Records contained in a dataset
*** Begin section ***
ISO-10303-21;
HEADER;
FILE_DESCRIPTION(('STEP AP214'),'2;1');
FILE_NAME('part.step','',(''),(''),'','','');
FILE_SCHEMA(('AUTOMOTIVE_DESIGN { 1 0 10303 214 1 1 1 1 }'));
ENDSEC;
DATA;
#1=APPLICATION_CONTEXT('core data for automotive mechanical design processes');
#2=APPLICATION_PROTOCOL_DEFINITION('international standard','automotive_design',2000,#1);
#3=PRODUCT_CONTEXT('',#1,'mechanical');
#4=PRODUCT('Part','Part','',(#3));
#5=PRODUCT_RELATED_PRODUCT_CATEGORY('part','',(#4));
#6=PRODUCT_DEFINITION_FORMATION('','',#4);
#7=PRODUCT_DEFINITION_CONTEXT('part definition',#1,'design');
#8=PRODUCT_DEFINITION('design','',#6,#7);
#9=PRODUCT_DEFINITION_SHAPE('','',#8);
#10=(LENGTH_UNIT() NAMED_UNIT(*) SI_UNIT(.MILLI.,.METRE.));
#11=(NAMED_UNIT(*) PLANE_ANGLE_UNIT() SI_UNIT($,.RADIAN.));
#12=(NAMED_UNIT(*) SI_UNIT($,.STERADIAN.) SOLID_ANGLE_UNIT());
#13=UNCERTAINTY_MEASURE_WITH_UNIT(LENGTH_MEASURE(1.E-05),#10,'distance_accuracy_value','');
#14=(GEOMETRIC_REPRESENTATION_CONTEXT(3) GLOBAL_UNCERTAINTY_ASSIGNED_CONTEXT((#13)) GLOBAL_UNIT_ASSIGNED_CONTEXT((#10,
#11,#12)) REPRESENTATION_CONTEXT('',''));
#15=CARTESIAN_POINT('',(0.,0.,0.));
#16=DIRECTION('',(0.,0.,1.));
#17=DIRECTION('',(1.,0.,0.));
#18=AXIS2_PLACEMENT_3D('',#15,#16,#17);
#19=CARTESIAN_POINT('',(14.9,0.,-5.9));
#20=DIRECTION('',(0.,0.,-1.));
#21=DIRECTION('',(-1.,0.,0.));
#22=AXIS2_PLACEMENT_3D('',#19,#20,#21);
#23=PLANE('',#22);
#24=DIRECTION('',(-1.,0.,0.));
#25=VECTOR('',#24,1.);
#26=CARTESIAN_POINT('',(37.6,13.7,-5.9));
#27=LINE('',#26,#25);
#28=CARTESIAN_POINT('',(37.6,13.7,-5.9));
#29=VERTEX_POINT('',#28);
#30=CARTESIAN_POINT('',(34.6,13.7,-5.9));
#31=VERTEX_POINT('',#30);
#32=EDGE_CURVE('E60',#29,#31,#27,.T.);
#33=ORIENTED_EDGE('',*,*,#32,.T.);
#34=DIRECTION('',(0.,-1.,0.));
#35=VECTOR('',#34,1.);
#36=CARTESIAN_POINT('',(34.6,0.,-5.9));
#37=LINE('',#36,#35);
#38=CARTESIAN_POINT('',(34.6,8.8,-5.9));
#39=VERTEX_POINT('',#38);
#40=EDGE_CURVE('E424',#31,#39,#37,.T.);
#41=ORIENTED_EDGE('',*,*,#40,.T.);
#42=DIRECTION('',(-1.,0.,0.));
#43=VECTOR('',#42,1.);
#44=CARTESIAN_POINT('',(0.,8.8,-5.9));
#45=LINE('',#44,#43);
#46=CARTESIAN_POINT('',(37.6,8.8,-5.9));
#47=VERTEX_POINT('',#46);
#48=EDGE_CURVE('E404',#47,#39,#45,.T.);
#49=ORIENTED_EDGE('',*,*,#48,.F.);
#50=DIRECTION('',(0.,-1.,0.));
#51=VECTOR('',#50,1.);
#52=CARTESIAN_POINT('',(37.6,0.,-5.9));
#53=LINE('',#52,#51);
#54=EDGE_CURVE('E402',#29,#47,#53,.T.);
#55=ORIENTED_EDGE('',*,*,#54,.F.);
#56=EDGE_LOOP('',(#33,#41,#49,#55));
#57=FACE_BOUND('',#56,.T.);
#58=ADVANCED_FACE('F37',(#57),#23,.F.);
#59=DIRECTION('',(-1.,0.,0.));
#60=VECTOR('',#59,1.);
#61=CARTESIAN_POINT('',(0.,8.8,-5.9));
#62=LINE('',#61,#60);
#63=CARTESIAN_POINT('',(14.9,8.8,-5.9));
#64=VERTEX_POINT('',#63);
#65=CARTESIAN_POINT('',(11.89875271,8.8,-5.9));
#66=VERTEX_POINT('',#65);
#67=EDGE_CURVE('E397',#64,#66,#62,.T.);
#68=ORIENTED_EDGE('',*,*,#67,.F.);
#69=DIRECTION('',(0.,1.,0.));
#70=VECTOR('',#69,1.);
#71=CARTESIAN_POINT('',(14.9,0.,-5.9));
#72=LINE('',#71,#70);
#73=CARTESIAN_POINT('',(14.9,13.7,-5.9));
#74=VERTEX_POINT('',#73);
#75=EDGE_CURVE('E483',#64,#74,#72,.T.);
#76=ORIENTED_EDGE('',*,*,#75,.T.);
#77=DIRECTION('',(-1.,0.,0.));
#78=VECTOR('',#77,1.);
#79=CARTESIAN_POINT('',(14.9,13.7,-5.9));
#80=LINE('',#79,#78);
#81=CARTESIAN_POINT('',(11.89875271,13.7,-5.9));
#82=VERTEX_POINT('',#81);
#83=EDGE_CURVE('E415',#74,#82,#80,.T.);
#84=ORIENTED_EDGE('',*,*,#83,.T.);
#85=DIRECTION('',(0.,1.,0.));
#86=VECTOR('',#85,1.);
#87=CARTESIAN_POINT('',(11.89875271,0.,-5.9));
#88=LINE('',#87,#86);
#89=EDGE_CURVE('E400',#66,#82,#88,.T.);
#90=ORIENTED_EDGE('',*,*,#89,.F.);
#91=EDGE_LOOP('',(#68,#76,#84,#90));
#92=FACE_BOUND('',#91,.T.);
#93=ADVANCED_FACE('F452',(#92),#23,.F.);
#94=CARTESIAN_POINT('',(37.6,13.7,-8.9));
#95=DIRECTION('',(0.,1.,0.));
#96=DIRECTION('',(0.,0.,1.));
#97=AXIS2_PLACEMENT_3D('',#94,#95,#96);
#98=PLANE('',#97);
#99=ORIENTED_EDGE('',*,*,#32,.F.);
*** End section ***
### Work order
Retype the records exactly.

### Task result
ISO-10303-21;
HEADER;
FILE_DESCRIPTION(('STEP AP214'),'2;1');
FILE_NAME('part.step','',(''),(''),'','','');
FILE_SCHEMA(('AUTOMOTIVE_DESIGN { 1 0 10303 214 1 1 1 1 }'));
ENDSEC;
DATA;
#1=APPLICATION_CONTEXT('core data for automotive mechanical design processes');
#2=APPLICATION_PROTOCOL_DEFINITION('international standard','automotive_design',2000,#1);
#3=PRODUCT_CONTEXT('',#1,'mechanical');
#4=PRODUCT('Part','Part','',(#3));
#5=PRODUCT_RELATED_PRODUCT_CATEGORY('part','',(#4));
#6=PRODUCT_DEFINITION_FORMATION('','',#4);
#7=PRODUCT_DEFINITION_CONTEXT('part definition',#1,'design');
#8=PRODUCT_DEFINITION('design','',#6,#7);
#9=PRODUCT_DEFINITION_SHAPE('','',#8);
#10=(LENGTH_UNIT() NAMED_UNIT(*) SI_UNIT(.MILLI.,.METRE.));
#11=(NAMED_UNIT(*) PLANE_ANGLE_UNIT() SI_UNIT($,.RADIAN.));
#12=(NAMED_UNIT(*) SI_UNIT($,.STERADIAN.) SOLID_ANGLE_UNIT());
#13=UNCERTAINTY_MEASURE_WITH_UNIT(LENGTH_MEASURE(1.E-05),#10,'distance_accuracy_value','');
#14=(GEOMETRIC_REPRESENTATION_CONTEXT(3) GLOBAL_UNCERTAINTY_ASSIGNED_CONTEXT((#13)) GLOBAL_UNIT_ASSIGNED_CONTEXT((#10,
#11,#12)) REPRESENTATION_CONTEXT('',''));
#15=CARTESIAN_POINT('',(0.,0.,0.));
#16=DIRECTION('',(0.,0.,1.));
#17=DIRECTION('',(1.,0.,0.));
#18=AXIS2_PLACEMENT_3D('',#15,#16,#17);
#19=CARTESIAN_POINT('',(14.9,0.,-5.9));
#20=DIRECTION('',(0.,0.,-1.));
#21=DIRECTION('',(-1.,0.,0.));
#22=AXIS2_PLACEMENT_3D('',#19,#20,#21);
#23=PLANE('',#22);
#24=DIRECTION('',(-1.,0.,0.));
#25=VECTOR('',#24,1.);
#26=CARTESIAN_POINT('',(37.6,13.7,-5.9));
#27=LINE('',#26,#25);
#28=CARTESIAN_POINT('',(37.6,13.7,-5.9));
#29=VERTEX_POINT('',#28);
#30=CARTESIAN_POINT('',(34.6,13.7,-5.9));
#31=VERTEX_POINT('',#30);
#32=EDGE_CURVE('E60',#29,#31,#27,.T.);
#33=ORIENTED_EDGE('',*,*,#32,.T.);
#34=DIRECTION('',(0.,-1.,0.));
#35=VECTOR('',#34,1.);
#36=CARTESIAN_POINT('',(34.6,0.,-5.9));
#37=LINE('',#36,#35);
#38=CARTESIAN_POINT('',(34.6,8.8,-5.9));
#39=VERTEX_POINT('',#38);
#40=EDGE_CURVE('E424',#31,#39,#37,.T.);
#41=ORIENTED_EDGE('',*,*,#40,.T.);
#42=DIRECTION('',(-1.,0.,0.));
#43=VECTOR('',#42,1.);
#44=CARTESIAN_POINT('',(0.,8.8,-5.9));
#45=LINE('',#44,#43);
#46=CARTESIAN_POINT('',(37.6,8.8,-5.9));
#47=VERTEX_POINT('',#46);
#48=EDGE_CURVE('E404',#47,#39,#45,.T.);
#49=ORIENTED_EDGE('',*,*,#48,.F.);
#50=DIRECTION('',(0.,-1.,0.));
#51=VECTOR('',#50,1.);
#52=CARTESIAN_POINT('',(37.6,0.,-5.9));
#53=LINE('',#52,#51);
#54=EDGE_CURVE('E402',#29,#47,#53,.T.);
#55=ORIENTED_EDGE('',*,*,#54,.F.);
#56=EDGE_LOOP('',(#33,#41,#49,#55));
#57=FACE_BOUND('',#56,.T.);
#58=ADVANCED_FACE('F37',(#57),#23,.F.);
#59=DIRECTION('',(-1.,0.,0.));
#60=VECTOR('',#59,1.);
#61=CARTESIAN_POINT('',(0.,8.8,-5.9));
#62=LINE('',#61,#60);
#63=CARTESIAN_POINT('',(14.9,8.8,-5.9));
#64=VERTEX_POINT('',#63);
#65=CARTESIAN_POINT('',(11.89875271,8.8,-5.9));
#66=VERTEX_POINT('',#65);
#67=EDGE_CURVE('E397',#64,#66,#62,.T.);
#68=ORIENTED_EDGE('',*,*,#67,.F.);
#69=DIRECTION('',(0.,1.,0.));
#70=VECTOR('',#69,1.);
#71=CARTESIAN_POINT('',(14.9,0.,-5.9));
#72=LINE('',#71,#70);
#73=CARTESIAN_POINT('',(14.9,13.7,-5.9));
#74=VERTEX_POINT('',#73);
#75=EDGE_CURVE('E483',#64,#74,#72,.T.);
#76=ORIENTED_EDGE('',*,*,#75,.T.);
#77=DIRECTION('',(-1.,0.,0.));
#78=VECTOR('',#77,1.);
#79=CARTESIAN_POINT('',(14.9,13.7,-5.9));
#80=LINE('',#79,#78);
#81=CARTESIAN_POINT('',(11.89875271,13.7,-5.9));
#82=VERTEX_POINT('',#81);
#83=EDGE_CURVE('E415',#74,#82,#80,.T.);
#84=ORIENTED_EDGE('',*,*,#83,.T.);
#85=DIRECTION('',(0.,1.,0.));
#86=VECTOR('',#85,1.);
#87=CARTESIAN_POINT('',(11.89875271,0.,-5.9));
#88=LINE('',#87,#86);
#89=EDGE_CURVE('E400',#66,#82,#88,.T.);
#90=ORIENTED_EDGE('',*,*,#89,.F.);
#91=EDGE_LOOP('',(#68,#76,#84,#90));
#92=FACE_BOUND('',#91,.T.);
#93=ADVANCED_FACE('F452',(#92),#23,.F.);
#94=CARTESIAN_POINT('',(37.6,13.7,-8.9));
#95=DIRECTION('',(0.,1.,0.));
#96=DIRECTION('',(0.,0.,1.));
#97=AXIS2_PLACEMENT_3D('',#94,#95,#96);
#98=PLANE('',#97);
#99=ORIENTED_EDGE('',*,*,#32,.F.);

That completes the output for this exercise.